══ Stored data ══

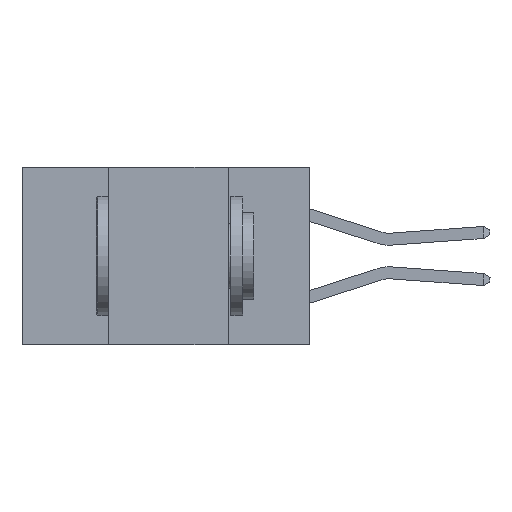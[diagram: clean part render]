
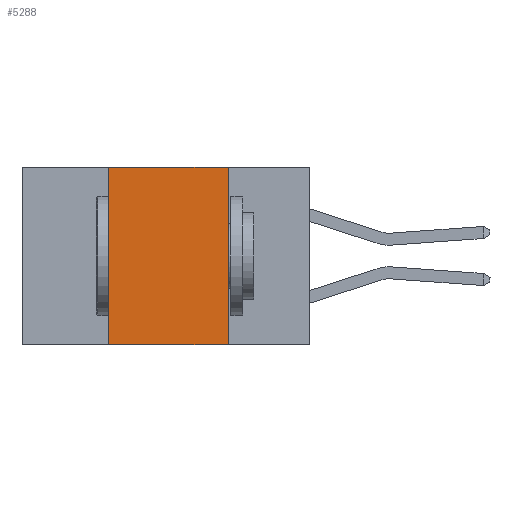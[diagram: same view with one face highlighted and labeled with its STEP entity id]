
A CAD part, left-side view. The second image highlights one B-rep face of the part: STEP entity #5288.
In plain terms, the highlighted planar face has unit normal (-1, 0, 0).
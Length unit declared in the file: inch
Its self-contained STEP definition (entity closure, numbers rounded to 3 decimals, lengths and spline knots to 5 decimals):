
#272 = VERTEX_POINT ( 'NONE', #6318 ) ;
#466 = EDGE_LOOP ( 'NONE', ( #15228, #6586, #16421, #9945 ) ) ;
#1122 = EDGE_CURVE ( 'NONE', #6531, #15354, #17514, .T. ) ;
#1301 = FACE_OUTER_BOUND ( 'NONE', #466, .T. ) ;
#1899 = DIRECTION ( 'NONE',  ( 0., 0., -1. ) ) ;
#2839 = DIRECTION ( 'NONE',  ( 0., -1., 0. ) ) ;
#3033 = CARTESIAN_POINT ( 'NONE',  ( 0., 0.6, 0. ) ) ;
#3330 = VECTOR ( 'NONE', #5228, 39.37008 ) ;
#3772 = VECTOR ( 'NONE', #2839, 39.37008 ) ;
#4381 = VECTOR ( 'NONE', #10800, 39.37008 ) ;
#5228 = DIRECTION ( 'NONE',  ( 0., 0., 1. ) ) ;
#5288 = ADVANCED_FACE ( 'NONE', ( #1301 ), #8150, .F. ) ;
#6318 = CARTESIAN_POINT ( 'NONE',  ( 0., 0.17, 0. ) ) ;
#6531 = VERTEX_POINT ( 'NONE', #15824 ) ;
#6586 = ORIENTED_EDGE ( 'NONE', *, *, #12127, .F. ) ;
#7809 = CARTESIAN_POINT ( 'NONE',  ( 0., 0.42, 0. ) ) ;
#8150 = PLANE ( 'NONE',  #10413 ) ;
#8201 = DIRECTION ( 'NONE',  ( 1., 0., 0. ) ) ;
#9945 = ORIENTED_EDGE ( 'NONE', *, *, #1122, .T. ) ;
#10282 = DIRECTION ( 'NONE',  ( 0., -1., 0. ) ) ;
#10413 = AXIS2_PLACEMENT_3D ( 'NONE', #11083, #8201, #1899 ) ;
#10711 = EDGE_CURVE ( 'NONE', #6531, #18364, #18683, .T. ) ;
#10800 = DIRECTION ( 'NONE',  ( 0., 0., -1. ) ) ;
#11083 = CARTESIAN_POINT ( 'NONE',  ( 0., 0.6, 0. ) ) ;
#12127 = EDGE_CURVE ( 'NONE', #18364, #272, #17675, .T. ) ;
#13223 = VECTOR ( 'NONE', #10282, 39.37008 ) ;
#14077 = CARTESIAN_POINT ( 'NONE',  ( 0., 0.17, 0. ) ) ;
#14278 = CARTESIAN_POINT ( 'NONE',  ( 0., 0.17, -0.37 ) ) ;
#15228 = ORIENTED_EDGE ( 'NONE', *, *, #17287, .F. ) ;
#15354 = VERTEX_POINT ( 'NONE', #14278 ) ;
#15362 = LINE ( 'NONE', #14077, #4381 ) ;
#15824 = CARTESIAN_POINT ( 'NONE',  ( 0., 0.42, -0.37 ) ) ;
#15982 = CARTESIAN_POINT ( 'NONE',  ( 0., 0.42, 0. ) ) ;
#16421 = ORIENTED_EDGE ( 'NONE', *, *, #10711, .F. ) ;
#17287 = EDGE_CURVE ( 'NONE', #272, #15354, #15362, .T. ) ;
#17514 = LINE ( 'NONE', #19479, #13223 ) ;
#17675 = LINE ( 'NONE', #3033, #3772 ) ;
#18364 = VERTEX_POINT ( 'NONE', #15982 ) ;
#18683 = LINE ( 'NONE', #7809, #3330 ) ;
#19479 = CARTESIAN_POINT ( 'NONE',  ( 0., 0.6, -0.37 ) ) ;

═══

**What to do**
Give back all the records as they stand, but with no pictures in the copy.

**Response to the exercise**
[diagram: clean part render]
[diagram: same view with one face highlighted and labeled with its STEP entity id]
A CAD part, left-side view. The second image highlights one B-rep face of the part: STEP entity #5288.
In plain terms, the highlighted planar face has unit normal (-1, 0, 0).
Length unit declared in the file: inch
Its self-contained STEP definition (entity closure, numbers rounded to 3 decimals, lengths and spline knots to 5 decimals):
#272 = VERTEX_POINT ( 'NONE', #6318 ) ;
#466 = EDGE_LOOP ( 'NONE', ( #15228, #6586, #16421, #9945 ) ) ;
#1122 = EDGE_CURVE ( 'NONE', #6531, #15354, #17514, .T. ) ;
#1301 = FACE_OUTER_BOUND ( 'NONE', #466, .T. ) ;
#1899 = DIRECTION ( 'NONE',  ( 0., 0., -1. ) ) ;
#2839 = DIRECTION ( 'NONE',  ( 0., -1., 0. ) ) ;
#3033 = CARTESIAN_POINT ( 'NONE',  ( 0., 0.6, 0. ) ) ;
#3330 = VECTOR ( 'NONE', #5228, 39.37008 ) ;
#3772 = VECTOR ( 'NONE', #2839, 39.37008 ) ;
#4381 = VECTOR ( 'NONE', #10800, 39.37008 ) ;
#5228 = DIRECTION ( 'NONE',  ( 0., 0., 1. ) ) ;
#5288 = ADVANCED_FACE ( 'NONE', ( #1301 ), #8150, .F. ) ;
#6318 = CARTESIAN_POINT ( 'NONE',  ( 0., 0.17, 0. ) ) ;
#6531 = VERTEX_POINT ( 'NONE', #15824 ) ;
#6586 = ORIENTED_EDGE ( 'NONE', *, *, #12127, .F. ) ;
#7809 = CARTESIAN_POINT ( 'NONE',  ( 0., 0.42, 0. ) ) ;
#8150 = PLANE ( 'NONE',  #10413 ) ;
#8201 = DIRECTION ( 'NONE',  ( 1., 0., 0. ) ) ;
#9945 = ORIENTED_EDGE ( 'NONE', *, *, #1122, .T. ) ;
#10282 = DIRECTION ( 'NONE',  ( 0., -1., 0. ) ) ;
#10413 = AXIS2_PLACEMENT_3D ( 'NONE', #11083, #8201, #1899 ) ;
#10711 = EDGE_CURVE ( 'NONE', #6531, #18364, #18683, .T. ) ;
#10800 = DIRECTION ( 'NONE',  ( 0., 0., -1. ) ) ;
#11083 = CARTESIAN_POINT ( 'NONE',  ( 0., 0.6, 0. ) ) ;
#12127 = EDGE_CURVE ( 'NONE', #18364, #272, #17675, .T. ) ;
#13223 = VECTOR ( 'NONE', #10282, 39.37008 ) ;
#14077 = CARTESIAN_POINT ( 'NONE',  ( 0., 0.17, 0. ) ) ;
#14278 = CARTESIAN_POINT ( 'NONE',  ( 0., 0.17, -0.37 ) ) ;
#15228 = ORIENTED_EDGE ( 'NONE', *, *, #17287, .F. ) ;
#15354 = VERTEX_POINT ( 'NONE', #14278 ) ;
#15362 = LINE ( 'NONE', #14077, #4381 ) ;
#15824 = CARTESIAN_POINT ( 'NONE',  ( 0., 0.42, -0.37 ) ) ;
#15982 = CARTESIAN_POINT ( 'NONE',  ( 0., 0.42, 0. ) ) ;
#16421 = ORIENTED_EDGE ( 'NONE', *, *, #10711, .F. ) ;
#17287 = EDGE_CURVE ( 'NONE', #272, #15354, #15362, .T. ) ;
#17514 = LINE ( 'NONE', #19479, #13223 ) ;
#17675 = LINE ( 'NONE', #3033, #3772 ) ;
#18364 = VERTEX_POINT ( 'NONE', #15982 ) ;
#18683 = LINE ( 'NONE', #7809, #3330 ) ;
#19479 = CARTESIAN_POINT ( 'NONE',  ( 0., 0.6, -0.37 ) ) ;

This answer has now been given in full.